What is being asked>
Go to the line below containing "#36519 =( BOUNDED_CURVE" and print exactly from there through the line containing "#41484 = CARTESIAN_POINT", both included. Print nothing else.

Top of Extracted entries

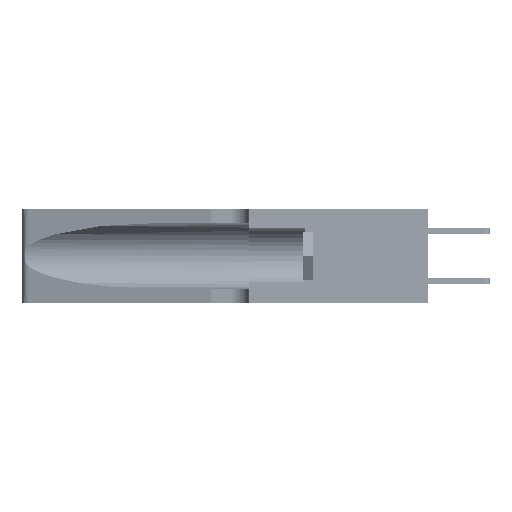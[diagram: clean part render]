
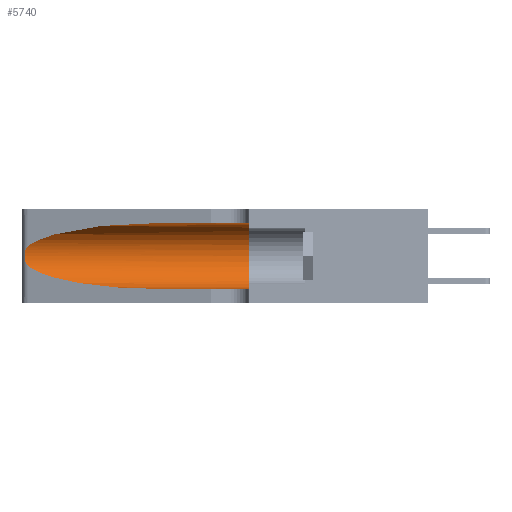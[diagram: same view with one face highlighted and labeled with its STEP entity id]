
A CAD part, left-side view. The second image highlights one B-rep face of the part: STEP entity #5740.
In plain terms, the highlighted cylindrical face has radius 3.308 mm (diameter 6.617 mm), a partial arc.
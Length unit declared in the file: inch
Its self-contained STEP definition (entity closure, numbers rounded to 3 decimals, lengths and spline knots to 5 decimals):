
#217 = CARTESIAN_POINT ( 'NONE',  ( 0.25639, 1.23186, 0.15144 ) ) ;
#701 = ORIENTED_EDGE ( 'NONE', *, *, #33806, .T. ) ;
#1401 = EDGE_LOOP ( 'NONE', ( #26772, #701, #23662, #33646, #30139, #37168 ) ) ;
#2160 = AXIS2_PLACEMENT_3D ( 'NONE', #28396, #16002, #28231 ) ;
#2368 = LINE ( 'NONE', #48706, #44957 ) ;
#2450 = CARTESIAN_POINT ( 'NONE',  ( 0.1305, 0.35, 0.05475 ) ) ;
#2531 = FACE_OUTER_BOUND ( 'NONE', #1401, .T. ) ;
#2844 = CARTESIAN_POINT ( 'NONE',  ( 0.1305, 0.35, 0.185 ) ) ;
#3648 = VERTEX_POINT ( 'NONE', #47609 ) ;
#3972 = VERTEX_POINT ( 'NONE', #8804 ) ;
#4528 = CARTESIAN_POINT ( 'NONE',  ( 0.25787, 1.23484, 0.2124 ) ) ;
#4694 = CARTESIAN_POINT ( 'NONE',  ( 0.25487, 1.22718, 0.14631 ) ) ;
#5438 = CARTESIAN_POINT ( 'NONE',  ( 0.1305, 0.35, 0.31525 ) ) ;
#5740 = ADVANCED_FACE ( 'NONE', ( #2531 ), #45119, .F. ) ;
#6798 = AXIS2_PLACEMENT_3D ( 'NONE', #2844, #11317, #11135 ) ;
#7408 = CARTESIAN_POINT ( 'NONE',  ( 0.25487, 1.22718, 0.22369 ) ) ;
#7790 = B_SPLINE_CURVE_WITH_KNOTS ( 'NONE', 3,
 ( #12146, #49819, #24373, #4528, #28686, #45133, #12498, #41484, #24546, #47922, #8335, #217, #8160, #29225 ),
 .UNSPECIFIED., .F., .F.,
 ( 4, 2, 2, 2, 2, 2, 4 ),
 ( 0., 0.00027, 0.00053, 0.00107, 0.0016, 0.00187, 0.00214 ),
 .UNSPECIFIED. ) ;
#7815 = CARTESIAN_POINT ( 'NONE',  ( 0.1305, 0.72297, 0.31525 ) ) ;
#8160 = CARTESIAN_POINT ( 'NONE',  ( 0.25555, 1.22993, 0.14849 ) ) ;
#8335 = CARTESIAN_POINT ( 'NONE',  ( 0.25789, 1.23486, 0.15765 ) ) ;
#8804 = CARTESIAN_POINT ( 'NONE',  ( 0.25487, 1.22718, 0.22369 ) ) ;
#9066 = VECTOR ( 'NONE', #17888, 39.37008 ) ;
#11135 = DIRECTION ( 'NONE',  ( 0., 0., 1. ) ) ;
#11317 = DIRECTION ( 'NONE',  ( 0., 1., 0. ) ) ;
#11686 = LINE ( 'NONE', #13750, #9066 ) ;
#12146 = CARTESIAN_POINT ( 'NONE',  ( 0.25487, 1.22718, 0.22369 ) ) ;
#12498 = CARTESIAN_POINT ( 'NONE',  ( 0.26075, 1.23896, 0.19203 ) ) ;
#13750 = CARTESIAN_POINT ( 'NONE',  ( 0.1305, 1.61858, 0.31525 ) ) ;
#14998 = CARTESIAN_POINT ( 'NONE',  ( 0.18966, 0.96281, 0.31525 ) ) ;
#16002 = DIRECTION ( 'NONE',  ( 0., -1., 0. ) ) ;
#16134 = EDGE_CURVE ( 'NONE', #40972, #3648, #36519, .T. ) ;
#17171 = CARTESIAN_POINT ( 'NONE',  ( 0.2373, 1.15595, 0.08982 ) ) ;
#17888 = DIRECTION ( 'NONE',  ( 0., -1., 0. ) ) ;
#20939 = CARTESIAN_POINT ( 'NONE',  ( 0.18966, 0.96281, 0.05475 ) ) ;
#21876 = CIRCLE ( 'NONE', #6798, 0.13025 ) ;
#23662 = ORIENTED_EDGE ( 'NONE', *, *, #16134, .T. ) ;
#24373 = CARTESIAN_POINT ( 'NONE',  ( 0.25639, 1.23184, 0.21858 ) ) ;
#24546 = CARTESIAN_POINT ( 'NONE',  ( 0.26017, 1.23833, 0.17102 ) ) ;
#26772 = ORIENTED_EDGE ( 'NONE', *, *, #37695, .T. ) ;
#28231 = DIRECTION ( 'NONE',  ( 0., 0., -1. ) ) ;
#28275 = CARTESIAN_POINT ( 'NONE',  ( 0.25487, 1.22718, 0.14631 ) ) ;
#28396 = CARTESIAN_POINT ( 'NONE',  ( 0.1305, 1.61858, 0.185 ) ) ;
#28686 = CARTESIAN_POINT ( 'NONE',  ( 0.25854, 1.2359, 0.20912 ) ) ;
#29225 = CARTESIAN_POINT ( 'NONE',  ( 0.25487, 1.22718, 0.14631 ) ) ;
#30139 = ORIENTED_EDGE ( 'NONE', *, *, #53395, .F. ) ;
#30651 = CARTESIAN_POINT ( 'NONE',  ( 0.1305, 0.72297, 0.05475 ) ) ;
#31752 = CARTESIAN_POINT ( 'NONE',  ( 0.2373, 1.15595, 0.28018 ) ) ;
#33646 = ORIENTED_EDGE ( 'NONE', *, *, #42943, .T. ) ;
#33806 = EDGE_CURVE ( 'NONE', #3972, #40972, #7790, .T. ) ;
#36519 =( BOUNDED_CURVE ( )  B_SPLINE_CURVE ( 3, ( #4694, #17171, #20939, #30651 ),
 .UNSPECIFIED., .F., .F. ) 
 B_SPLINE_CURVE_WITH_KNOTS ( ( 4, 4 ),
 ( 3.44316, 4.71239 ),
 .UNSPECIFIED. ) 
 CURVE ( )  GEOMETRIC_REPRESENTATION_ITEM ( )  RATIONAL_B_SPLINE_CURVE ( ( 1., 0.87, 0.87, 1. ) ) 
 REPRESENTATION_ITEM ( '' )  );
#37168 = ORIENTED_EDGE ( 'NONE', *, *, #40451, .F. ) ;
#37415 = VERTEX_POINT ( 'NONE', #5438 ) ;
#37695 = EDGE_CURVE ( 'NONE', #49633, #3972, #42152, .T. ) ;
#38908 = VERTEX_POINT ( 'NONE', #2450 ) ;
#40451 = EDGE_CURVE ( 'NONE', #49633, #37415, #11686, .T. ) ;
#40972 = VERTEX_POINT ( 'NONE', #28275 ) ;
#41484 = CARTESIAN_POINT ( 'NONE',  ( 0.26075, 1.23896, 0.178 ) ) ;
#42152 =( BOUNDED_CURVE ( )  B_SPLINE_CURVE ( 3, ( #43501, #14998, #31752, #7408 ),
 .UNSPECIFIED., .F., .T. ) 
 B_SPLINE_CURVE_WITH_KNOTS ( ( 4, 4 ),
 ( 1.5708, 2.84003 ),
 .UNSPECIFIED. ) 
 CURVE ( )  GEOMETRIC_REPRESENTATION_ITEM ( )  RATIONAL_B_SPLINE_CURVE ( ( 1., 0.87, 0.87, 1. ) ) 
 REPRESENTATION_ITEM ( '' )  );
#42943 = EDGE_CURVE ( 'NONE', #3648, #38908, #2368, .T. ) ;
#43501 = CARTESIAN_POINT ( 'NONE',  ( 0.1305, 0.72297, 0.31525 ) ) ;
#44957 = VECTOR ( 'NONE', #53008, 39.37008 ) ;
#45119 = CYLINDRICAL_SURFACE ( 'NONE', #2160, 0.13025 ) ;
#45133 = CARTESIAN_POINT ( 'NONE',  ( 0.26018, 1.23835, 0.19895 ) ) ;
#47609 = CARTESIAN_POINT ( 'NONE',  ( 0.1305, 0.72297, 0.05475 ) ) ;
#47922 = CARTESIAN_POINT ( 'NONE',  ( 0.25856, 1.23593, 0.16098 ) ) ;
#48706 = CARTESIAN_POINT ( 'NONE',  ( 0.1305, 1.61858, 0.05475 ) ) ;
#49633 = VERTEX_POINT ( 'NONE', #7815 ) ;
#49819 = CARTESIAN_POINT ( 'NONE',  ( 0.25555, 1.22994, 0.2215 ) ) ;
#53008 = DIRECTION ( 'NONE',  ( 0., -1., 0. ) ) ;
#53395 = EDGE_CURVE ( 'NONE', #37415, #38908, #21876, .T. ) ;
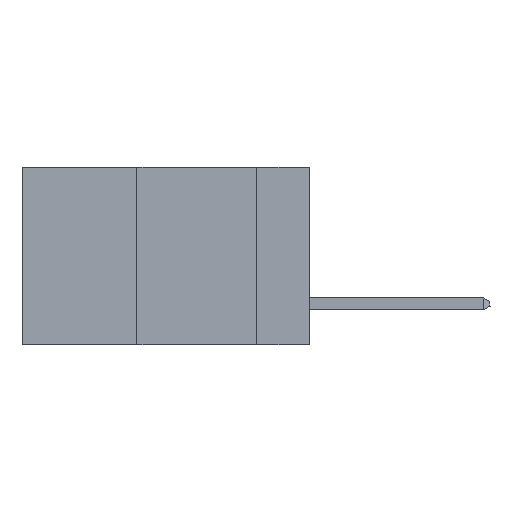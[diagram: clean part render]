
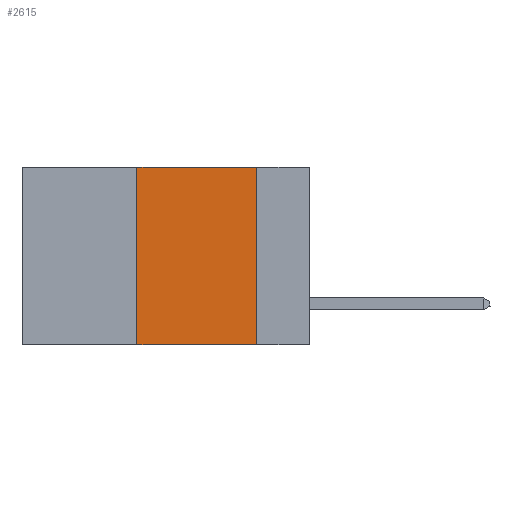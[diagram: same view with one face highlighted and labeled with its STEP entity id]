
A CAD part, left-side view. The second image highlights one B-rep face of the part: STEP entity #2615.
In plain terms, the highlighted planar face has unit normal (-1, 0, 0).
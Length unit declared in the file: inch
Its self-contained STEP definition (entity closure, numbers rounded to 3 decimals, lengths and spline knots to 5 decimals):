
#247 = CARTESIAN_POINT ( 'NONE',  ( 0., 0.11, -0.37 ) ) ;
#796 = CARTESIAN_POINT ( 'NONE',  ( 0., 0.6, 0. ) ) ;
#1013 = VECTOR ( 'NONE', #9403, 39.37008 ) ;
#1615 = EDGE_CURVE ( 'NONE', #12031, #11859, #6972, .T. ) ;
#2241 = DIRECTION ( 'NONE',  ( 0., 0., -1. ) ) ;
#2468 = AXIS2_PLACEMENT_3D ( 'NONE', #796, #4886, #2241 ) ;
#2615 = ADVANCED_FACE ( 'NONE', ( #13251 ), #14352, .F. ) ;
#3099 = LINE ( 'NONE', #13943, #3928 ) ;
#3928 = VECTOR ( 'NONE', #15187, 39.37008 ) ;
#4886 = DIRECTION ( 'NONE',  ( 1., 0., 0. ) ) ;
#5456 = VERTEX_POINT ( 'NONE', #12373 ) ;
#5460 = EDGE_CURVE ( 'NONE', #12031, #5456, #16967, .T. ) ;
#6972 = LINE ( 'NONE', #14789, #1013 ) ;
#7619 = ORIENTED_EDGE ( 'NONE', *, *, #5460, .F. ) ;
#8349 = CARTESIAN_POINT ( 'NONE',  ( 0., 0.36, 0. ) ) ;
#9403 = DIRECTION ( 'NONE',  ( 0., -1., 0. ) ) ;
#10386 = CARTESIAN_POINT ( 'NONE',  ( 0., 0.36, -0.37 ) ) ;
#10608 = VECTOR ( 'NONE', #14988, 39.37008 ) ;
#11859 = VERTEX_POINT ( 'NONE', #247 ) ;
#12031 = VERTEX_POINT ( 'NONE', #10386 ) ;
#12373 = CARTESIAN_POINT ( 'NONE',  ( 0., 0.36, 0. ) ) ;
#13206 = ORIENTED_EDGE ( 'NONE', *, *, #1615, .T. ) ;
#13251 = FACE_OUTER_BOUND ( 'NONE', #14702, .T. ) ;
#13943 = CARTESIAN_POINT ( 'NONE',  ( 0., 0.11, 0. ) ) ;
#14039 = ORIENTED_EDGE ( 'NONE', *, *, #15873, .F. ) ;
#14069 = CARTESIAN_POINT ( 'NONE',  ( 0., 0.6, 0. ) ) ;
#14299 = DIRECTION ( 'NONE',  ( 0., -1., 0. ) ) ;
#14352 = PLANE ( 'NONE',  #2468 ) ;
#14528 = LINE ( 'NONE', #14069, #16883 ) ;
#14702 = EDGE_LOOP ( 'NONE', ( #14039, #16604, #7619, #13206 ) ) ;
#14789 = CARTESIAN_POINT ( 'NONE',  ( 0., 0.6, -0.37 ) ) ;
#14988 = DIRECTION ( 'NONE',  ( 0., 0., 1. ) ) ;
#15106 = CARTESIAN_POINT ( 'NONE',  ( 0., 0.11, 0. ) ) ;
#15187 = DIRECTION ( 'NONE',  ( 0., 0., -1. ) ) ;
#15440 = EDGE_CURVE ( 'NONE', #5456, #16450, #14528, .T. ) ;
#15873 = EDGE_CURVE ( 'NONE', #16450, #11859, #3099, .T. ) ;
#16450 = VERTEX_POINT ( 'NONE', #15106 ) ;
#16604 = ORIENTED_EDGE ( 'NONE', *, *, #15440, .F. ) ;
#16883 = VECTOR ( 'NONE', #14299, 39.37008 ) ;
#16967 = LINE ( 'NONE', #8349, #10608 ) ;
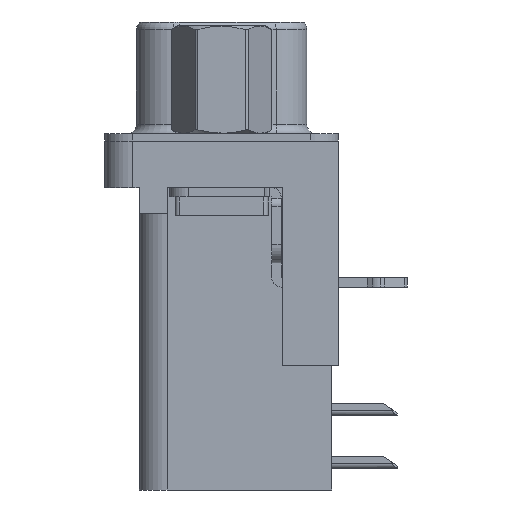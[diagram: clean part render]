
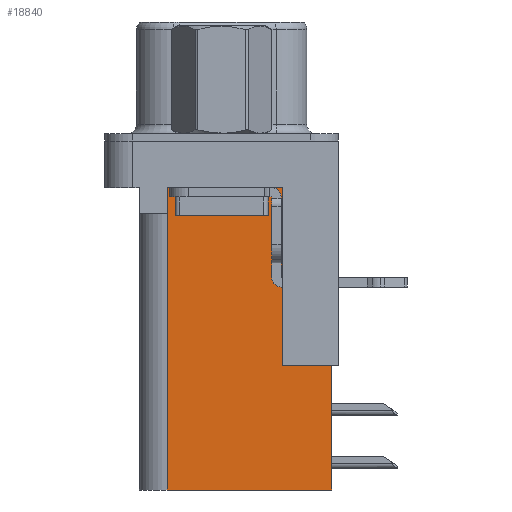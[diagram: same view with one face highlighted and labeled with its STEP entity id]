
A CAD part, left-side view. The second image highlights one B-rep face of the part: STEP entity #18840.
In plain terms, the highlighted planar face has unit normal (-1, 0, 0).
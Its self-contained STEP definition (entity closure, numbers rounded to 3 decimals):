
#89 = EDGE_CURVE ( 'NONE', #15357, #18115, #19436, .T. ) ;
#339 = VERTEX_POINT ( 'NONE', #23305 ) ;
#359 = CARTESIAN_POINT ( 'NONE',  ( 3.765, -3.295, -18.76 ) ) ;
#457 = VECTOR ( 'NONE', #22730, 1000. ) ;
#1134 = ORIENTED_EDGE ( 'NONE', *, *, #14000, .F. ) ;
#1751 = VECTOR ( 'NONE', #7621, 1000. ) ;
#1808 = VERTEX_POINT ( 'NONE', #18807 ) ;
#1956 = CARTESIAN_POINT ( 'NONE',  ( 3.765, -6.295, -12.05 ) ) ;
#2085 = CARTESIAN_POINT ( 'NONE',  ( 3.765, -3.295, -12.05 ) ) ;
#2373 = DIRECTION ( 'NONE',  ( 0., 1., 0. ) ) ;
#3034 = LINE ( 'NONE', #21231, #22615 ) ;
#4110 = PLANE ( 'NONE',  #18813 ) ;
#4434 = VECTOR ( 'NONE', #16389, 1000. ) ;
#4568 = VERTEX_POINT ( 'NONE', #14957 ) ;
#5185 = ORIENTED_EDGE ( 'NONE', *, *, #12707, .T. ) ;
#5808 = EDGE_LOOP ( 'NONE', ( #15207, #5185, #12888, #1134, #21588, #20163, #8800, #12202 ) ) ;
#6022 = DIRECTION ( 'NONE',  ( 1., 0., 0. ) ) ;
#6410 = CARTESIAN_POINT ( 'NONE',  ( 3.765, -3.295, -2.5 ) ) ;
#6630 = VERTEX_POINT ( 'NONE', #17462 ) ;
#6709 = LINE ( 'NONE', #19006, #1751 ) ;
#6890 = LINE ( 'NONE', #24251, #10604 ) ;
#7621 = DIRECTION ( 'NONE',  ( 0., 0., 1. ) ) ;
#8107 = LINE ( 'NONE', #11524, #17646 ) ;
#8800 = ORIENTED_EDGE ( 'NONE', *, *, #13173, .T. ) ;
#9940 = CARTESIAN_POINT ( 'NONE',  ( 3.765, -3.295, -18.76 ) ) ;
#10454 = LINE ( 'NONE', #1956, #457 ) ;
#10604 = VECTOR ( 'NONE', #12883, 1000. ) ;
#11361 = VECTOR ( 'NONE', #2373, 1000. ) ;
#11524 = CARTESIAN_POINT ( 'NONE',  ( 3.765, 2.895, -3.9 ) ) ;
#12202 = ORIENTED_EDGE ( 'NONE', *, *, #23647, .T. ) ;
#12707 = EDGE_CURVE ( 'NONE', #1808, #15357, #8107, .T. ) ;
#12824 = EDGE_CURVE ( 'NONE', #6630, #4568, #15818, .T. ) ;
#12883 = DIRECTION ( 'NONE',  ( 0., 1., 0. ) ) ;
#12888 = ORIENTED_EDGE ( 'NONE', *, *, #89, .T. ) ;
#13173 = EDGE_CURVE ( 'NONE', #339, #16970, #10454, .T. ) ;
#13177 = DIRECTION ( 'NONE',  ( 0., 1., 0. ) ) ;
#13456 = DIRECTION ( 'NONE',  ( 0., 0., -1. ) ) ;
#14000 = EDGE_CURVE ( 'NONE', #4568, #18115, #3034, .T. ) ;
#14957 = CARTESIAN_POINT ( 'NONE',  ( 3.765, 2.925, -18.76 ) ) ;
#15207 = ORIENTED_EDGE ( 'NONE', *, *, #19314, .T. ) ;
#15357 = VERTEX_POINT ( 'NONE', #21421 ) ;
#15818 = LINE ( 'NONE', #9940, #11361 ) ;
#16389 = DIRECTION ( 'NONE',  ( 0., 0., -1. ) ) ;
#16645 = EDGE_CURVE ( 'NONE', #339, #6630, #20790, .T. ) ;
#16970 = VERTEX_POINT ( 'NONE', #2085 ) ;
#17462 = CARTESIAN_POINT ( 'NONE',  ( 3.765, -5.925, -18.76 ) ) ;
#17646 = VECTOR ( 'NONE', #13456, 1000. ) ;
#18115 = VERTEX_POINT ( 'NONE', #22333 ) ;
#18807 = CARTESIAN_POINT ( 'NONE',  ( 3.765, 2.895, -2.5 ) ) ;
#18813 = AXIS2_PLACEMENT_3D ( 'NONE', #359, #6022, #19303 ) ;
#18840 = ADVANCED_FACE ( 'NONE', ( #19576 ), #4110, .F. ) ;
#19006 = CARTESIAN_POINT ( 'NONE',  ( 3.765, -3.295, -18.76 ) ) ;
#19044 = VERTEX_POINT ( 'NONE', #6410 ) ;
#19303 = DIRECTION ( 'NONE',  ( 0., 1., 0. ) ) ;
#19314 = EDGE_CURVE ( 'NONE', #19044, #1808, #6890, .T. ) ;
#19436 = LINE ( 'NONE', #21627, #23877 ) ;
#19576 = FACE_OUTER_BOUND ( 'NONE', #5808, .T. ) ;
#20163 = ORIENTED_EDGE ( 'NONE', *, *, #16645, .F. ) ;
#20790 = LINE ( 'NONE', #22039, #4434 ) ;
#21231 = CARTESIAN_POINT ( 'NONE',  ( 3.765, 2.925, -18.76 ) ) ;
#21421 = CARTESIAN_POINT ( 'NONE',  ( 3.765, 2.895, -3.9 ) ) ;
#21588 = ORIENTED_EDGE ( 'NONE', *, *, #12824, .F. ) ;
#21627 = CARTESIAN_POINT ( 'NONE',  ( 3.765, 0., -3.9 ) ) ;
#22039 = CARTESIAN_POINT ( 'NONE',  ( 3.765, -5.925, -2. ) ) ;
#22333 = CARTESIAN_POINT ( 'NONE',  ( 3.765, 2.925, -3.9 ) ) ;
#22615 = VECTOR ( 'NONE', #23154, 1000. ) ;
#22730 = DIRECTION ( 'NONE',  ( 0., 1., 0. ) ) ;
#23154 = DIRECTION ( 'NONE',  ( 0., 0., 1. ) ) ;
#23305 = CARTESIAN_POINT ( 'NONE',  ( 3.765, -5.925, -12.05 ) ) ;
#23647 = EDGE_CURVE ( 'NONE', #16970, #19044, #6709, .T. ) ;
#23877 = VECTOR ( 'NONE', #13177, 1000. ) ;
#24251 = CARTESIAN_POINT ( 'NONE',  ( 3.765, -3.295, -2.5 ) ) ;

Bottom of Extracted entries

Written solution>
#36519 =( BOUNDED_CURVE ( )  B_SPLINE_CURVE ( 3, ( #4694, #17171, #20939, #30651 ),
 .UNSPECIFIED., .F., .F. ) 
 B_SPLINE_CURVE_WITH_KNOTS ( ( 4, 4 ),
 ( 3.44316, 4.71239 ),
 .UNSPECIFIED. ) 
 CURVE ( )  GEOMETRIC_REPRESENTATION_ITEM ( )  RATIONAL_B_SPLINE_CURVE ( ( 1., 0.87, 0.87, 1. ) ) 
 REPRESENTATION_ITEM ( '' )  );
#37168 = ORIENTED_EDGE ( 'NONE', *, *, #40451, .F. ) ;
#37415 = VERTEX_POINT ( 'NONE', #5438 ) ;
#37695 = EDGE_CURVE ( 'NONE', #49633, #3972, #42152, .T. ) ;
#38908 = VERTEX_POINT ( 'NONE', #2450 ) ;
#40451 = EDGE_CURVE ( 'NONE', #49633, #37415, #11686, .T. ) ;
#40972 = VERTEX_POINT ( 'NONE', #28275 ) ;
#41484 = CARTESIAN_POINT ( 'NONE',  ( 0.26075, 1.23896, 0.178 ) ) ;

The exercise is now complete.